## Task statement
With the string "CIRCLE" as the filter, copy each matching line from the records.

Supplied records Block Start

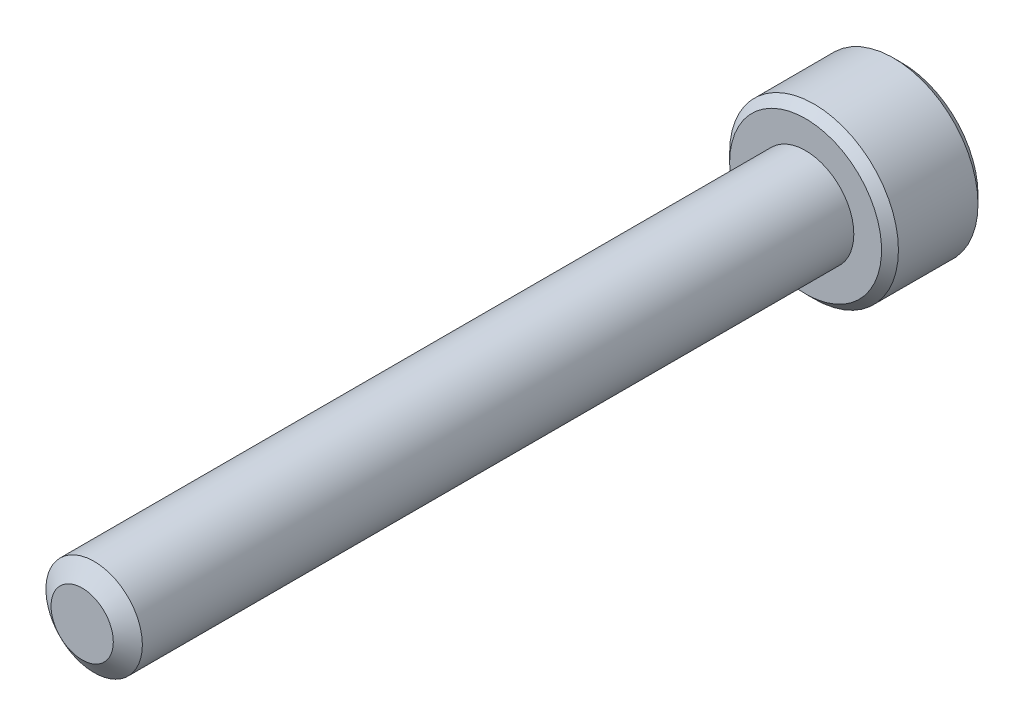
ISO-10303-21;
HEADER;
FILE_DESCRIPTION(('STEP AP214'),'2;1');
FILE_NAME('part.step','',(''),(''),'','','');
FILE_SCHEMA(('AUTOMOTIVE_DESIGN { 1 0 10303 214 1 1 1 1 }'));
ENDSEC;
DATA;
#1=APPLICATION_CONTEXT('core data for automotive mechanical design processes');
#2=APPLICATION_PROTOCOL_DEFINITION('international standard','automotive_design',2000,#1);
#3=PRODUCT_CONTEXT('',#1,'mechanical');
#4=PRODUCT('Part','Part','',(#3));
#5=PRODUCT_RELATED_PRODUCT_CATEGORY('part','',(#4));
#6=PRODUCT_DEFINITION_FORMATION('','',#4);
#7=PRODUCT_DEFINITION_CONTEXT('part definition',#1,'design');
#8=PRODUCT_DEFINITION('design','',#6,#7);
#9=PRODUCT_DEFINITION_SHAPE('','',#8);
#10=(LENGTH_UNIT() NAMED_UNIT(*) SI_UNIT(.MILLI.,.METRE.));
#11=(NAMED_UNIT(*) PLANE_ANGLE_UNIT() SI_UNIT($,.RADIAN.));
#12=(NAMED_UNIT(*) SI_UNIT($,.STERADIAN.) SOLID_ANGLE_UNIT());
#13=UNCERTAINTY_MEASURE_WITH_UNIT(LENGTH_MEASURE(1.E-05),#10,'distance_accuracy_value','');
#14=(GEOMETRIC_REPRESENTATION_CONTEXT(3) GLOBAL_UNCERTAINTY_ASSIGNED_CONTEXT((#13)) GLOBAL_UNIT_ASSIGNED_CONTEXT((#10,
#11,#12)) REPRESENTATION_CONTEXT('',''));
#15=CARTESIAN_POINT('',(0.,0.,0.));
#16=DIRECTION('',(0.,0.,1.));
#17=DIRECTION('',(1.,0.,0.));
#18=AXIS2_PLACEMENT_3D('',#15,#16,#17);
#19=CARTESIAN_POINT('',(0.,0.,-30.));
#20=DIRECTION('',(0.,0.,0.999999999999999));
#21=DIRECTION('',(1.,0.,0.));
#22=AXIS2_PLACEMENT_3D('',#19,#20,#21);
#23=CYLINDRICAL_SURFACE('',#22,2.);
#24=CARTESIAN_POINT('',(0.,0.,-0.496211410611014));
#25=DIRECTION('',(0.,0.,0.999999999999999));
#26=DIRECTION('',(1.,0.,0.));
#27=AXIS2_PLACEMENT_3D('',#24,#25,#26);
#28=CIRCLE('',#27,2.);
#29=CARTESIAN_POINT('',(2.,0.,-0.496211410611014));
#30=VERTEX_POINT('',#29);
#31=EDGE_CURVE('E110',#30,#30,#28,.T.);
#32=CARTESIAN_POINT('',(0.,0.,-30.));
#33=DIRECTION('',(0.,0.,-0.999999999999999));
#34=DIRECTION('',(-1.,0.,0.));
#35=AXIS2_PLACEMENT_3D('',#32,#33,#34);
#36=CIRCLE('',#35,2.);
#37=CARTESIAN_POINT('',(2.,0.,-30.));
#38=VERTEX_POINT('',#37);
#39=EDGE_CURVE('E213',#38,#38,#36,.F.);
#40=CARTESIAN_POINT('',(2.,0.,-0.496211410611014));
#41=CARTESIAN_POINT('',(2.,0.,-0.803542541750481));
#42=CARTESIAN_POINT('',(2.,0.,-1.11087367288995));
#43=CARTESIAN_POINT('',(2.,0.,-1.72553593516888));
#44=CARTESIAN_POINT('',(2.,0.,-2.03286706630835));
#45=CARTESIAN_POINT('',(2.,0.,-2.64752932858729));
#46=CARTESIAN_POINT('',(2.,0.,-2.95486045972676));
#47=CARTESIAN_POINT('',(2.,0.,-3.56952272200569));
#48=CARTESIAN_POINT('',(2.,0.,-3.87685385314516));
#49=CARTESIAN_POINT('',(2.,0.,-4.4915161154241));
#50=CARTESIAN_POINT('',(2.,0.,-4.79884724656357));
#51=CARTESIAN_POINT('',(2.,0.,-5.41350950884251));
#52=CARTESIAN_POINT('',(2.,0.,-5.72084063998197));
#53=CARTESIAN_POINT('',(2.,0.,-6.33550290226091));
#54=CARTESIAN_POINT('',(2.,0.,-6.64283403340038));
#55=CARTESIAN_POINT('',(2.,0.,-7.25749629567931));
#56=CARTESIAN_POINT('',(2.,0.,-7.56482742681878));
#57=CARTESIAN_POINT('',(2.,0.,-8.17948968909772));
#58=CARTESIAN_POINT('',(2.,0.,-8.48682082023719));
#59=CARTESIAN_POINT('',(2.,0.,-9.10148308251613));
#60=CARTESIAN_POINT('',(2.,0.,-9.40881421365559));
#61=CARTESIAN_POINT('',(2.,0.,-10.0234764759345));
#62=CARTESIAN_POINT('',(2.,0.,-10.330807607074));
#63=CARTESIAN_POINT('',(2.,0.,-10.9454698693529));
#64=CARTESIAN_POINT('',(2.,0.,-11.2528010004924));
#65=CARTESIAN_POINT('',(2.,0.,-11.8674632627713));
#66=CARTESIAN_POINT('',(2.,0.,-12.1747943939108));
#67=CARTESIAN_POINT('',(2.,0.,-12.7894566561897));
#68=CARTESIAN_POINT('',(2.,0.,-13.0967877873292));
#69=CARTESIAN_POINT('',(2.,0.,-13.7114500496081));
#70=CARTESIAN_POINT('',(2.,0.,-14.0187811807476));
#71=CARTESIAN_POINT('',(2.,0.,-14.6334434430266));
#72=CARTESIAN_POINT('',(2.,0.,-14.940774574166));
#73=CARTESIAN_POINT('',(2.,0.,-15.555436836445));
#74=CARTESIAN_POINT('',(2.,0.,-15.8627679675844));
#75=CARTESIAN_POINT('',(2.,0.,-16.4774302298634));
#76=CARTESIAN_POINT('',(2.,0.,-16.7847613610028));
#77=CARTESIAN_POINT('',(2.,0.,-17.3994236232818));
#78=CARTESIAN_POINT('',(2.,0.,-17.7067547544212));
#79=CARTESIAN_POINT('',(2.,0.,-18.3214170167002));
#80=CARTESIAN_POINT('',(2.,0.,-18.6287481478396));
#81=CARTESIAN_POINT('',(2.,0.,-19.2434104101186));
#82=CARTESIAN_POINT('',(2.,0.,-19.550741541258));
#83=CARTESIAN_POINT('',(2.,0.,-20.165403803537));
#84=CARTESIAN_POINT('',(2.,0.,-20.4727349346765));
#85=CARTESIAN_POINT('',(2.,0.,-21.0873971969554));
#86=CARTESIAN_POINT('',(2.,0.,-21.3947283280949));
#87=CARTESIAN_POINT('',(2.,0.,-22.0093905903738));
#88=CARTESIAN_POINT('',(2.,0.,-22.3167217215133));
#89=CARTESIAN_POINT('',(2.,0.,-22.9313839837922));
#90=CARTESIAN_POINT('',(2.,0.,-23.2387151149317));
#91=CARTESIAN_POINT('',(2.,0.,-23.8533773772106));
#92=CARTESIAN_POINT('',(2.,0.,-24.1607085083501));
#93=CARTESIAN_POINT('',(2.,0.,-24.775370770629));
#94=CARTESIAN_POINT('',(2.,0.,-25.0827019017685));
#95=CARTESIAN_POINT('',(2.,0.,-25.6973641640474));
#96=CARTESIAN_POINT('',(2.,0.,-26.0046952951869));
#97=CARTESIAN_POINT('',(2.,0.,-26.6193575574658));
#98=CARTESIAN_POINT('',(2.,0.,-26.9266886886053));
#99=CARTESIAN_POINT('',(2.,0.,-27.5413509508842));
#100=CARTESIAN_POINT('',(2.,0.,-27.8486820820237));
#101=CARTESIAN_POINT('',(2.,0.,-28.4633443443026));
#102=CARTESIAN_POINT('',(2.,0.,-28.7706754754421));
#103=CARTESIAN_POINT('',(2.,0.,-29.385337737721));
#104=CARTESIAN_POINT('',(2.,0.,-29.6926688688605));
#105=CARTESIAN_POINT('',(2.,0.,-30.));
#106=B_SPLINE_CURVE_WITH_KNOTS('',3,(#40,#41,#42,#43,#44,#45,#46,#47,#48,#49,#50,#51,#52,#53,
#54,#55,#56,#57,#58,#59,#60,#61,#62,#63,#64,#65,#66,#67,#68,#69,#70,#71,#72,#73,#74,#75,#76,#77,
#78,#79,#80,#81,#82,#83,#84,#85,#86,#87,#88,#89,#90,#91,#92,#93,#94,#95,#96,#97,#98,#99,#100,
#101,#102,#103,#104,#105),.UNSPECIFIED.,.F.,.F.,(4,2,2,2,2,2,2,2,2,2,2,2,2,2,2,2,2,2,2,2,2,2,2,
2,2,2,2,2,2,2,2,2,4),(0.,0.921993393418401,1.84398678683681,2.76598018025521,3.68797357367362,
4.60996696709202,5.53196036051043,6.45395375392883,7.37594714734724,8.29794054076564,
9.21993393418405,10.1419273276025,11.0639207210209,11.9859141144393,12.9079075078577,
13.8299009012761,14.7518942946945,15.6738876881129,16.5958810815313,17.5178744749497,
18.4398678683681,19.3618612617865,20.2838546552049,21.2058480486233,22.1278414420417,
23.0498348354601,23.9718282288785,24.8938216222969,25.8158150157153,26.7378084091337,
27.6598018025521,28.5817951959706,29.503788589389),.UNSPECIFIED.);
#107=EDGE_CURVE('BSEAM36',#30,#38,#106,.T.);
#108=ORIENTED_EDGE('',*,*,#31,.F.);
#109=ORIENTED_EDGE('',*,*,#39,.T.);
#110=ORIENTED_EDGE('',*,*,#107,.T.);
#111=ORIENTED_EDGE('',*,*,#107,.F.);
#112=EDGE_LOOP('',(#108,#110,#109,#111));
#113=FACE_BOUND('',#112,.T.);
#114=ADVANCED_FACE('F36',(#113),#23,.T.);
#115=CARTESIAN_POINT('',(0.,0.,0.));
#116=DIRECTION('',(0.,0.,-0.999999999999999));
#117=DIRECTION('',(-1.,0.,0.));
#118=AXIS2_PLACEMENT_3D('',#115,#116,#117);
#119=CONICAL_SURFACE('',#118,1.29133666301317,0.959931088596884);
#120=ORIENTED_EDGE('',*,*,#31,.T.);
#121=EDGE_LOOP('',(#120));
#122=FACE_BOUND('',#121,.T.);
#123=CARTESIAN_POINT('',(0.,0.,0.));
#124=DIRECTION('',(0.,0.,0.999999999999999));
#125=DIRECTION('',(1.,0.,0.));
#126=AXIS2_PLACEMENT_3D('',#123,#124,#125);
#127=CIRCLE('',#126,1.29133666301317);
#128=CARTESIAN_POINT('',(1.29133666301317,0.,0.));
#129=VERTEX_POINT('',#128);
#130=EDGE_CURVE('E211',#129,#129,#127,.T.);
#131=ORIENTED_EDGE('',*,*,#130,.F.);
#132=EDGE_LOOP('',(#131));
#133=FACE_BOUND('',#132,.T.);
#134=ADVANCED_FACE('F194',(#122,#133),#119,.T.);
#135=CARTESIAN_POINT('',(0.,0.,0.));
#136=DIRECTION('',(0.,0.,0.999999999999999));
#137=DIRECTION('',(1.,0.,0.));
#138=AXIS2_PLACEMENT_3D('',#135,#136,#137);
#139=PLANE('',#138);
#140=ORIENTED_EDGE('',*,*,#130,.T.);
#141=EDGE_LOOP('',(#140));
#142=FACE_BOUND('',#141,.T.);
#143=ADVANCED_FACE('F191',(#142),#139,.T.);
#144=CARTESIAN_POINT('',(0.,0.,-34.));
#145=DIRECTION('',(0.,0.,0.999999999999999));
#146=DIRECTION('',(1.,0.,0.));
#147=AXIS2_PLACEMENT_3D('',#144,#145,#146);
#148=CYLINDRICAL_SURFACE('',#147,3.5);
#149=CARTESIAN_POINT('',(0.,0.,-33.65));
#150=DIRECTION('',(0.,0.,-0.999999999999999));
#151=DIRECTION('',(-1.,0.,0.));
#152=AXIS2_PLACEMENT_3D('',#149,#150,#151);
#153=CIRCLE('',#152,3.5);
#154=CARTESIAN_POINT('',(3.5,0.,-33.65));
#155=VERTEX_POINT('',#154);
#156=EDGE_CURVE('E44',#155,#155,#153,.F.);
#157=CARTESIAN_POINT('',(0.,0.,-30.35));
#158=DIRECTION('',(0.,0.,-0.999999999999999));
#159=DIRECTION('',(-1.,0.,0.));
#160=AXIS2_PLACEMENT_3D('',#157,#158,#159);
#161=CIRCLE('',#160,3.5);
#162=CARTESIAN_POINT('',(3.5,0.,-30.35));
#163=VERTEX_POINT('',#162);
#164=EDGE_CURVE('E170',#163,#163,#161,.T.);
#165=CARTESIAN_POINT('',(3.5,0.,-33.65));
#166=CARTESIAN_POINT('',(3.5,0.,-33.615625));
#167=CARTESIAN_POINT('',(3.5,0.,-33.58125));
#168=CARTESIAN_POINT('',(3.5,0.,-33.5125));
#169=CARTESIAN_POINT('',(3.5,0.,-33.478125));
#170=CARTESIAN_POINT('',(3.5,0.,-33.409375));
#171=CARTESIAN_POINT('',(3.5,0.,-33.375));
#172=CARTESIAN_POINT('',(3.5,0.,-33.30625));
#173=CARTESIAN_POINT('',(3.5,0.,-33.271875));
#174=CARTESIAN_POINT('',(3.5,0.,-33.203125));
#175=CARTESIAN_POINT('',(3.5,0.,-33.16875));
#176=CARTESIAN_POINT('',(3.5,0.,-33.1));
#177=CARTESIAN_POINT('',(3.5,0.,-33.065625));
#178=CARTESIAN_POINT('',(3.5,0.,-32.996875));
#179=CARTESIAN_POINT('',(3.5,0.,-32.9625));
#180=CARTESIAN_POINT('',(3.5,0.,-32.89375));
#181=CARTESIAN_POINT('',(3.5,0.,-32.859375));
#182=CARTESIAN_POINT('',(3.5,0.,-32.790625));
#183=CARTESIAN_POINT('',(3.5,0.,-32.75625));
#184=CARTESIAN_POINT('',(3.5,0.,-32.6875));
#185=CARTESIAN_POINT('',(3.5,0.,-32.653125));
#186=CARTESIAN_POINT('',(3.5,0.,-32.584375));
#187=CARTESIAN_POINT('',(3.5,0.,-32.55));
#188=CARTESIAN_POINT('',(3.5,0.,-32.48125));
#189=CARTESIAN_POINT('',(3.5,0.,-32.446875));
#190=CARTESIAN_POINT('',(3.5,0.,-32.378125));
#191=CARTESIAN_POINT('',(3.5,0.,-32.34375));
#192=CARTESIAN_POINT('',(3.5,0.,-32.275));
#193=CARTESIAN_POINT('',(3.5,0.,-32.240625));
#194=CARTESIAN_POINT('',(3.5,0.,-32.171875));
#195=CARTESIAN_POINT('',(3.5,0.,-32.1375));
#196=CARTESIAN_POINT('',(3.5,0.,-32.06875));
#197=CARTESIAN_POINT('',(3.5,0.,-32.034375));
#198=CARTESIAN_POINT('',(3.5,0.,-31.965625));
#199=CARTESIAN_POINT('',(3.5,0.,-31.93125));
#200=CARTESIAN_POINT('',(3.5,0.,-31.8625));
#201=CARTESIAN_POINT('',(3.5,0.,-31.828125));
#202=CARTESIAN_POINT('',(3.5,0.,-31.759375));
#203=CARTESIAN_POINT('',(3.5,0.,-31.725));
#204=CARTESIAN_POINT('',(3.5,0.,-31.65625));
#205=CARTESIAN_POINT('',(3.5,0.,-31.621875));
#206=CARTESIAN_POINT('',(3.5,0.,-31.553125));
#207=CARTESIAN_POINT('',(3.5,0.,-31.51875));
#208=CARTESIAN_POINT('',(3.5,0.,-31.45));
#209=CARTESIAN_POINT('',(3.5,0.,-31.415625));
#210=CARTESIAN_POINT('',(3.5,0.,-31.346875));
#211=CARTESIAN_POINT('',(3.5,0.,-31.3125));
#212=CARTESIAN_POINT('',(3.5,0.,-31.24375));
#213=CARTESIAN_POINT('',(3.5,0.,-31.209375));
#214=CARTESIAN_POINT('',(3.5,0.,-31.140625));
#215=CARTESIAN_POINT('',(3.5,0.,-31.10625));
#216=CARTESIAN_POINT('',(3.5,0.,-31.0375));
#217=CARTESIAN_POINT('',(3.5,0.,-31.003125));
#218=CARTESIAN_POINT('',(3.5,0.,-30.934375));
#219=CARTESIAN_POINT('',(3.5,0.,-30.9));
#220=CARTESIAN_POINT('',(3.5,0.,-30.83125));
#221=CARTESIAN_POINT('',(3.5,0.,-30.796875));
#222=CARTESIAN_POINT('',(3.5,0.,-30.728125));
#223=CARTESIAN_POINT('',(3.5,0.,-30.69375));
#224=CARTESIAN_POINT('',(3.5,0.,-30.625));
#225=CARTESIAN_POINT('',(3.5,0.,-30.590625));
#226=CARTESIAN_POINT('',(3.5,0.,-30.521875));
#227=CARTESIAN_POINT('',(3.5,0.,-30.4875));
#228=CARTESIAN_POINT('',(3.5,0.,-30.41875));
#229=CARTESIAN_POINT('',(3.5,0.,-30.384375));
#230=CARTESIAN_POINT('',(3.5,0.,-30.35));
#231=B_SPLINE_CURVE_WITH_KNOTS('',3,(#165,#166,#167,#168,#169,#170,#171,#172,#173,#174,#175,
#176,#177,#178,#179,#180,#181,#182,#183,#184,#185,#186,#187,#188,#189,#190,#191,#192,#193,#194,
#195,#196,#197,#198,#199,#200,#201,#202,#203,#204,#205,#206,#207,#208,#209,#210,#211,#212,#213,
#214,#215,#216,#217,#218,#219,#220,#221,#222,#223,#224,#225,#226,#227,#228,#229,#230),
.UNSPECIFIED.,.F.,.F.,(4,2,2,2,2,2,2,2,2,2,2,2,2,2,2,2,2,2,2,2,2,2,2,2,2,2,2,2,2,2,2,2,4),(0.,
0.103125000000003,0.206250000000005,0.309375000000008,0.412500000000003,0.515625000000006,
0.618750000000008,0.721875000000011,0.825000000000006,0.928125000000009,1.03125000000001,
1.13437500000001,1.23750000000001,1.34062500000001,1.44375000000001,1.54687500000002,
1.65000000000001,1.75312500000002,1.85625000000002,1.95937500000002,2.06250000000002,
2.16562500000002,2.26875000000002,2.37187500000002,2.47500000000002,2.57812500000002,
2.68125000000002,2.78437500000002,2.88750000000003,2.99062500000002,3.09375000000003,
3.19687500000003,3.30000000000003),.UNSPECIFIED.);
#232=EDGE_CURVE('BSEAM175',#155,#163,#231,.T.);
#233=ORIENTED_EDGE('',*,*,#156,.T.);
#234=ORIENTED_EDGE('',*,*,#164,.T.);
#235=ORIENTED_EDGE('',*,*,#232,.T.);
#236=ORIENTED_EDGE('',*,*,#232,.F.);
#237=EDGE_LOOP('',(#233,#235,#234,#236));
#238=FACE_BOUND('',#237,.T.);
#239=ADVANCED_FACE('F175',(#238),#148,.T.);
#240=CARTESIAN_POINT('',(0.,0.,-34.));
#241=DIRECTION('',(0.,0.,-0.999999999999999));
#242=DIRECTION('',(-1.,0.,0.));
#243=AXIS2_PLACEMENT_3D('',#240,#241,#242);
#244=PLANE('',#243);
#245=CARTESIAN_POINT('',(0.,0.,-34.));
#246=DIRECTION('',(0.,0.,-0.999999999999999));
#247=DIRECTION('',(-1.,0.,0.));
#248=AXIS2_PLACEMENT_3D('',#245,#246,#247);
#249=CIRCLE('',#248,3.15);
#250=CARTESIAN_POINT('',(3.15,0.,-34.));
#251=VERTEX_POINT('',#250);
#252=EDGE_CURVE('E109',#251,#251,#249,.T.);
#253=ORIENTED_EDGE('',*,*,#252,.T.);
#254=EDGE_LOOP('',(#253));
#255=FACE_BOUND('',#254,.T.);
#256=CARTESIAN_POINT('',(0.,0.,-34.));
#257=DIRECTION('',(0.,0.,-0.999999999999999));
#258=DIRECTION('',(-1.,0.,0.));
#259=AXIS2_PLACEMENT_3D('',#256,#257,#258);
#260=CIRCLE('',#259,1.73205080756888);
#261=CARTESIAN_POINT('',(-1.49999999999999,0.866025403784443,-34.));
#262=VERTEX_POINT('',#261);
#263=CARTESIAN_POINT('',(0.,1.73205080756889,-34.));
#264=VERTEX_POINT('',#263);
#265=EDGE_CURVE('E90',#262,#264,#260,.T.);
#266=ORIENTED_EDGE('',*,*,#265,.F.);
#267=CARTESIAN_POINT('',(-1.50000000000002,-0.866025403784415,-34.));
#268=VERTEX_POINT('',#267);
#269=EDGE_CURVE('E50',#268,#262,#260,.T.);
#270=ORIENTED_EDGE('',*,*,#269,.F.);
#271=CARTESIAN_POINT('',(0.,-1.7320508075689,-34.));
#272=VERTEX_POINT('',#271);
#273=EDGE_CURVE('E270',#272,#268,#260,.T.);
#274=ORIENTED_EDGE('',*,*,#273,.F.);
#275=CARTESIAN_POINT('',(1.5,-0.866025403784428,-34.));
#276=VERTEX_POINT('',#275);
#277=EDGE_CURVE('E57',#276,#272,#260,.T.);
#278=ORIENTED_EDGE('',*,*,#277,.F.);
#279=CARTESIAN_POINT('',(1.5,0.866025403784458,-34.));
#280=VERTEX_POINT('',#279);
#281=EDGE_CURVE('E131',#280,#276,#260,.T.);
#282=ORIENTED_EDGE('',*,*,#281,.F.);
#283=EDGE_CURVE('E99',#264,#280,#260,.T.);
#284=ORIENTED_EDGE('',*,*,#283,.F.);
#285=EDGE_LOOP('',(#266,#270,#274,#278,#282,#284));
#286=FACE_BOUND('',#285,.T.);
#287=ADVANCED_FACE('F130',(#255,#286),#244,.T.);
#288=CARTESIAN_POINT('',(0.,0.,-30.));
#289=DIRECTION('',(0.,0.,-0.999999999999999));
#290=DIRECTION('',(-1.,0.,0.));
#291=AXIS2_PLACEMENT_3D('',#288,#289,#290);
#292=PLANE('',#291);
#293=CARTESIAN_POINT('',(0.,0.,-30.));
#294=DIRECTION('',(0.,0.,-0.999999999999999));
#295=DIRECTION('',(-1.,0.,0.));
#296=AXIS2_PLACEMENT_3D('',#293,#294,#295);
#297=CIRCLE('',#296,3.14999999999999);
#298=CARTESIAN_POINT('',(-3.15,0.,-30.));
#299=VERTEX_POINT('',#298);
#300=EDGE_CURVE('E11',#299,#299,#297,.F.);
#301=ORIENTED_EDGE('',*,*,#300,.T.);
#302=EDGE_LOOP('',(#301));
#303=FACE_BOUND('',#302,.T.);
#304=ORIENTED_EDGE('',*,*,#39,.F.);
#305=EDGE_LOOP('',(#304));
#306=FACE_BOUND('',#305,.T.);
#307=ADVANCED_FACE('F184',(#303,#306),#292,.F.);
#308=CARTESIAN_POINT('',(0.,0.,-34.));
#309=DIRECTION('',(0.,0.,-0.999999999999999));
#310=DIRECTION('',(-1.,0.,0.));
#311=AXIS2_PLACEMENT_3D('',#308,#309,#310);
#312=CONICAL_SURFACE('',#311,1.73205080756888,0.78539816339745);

Supplied records Block End

## Answer box
#28=CIRCLE('',#27,2.);
#36=CIRCLE('',#35,2.);
#127=CIRCLE('',#126,1.29133666301317);
#153=CIRCLE('',#152,3.5);
#161=CIRCLE('',#160,3.5);
#249=CIRCLE('',#248,3.15);
#260=CIRCLE('',#259,1.73205080756888);
#297=CIRCLE('',#296,3.14999999999999);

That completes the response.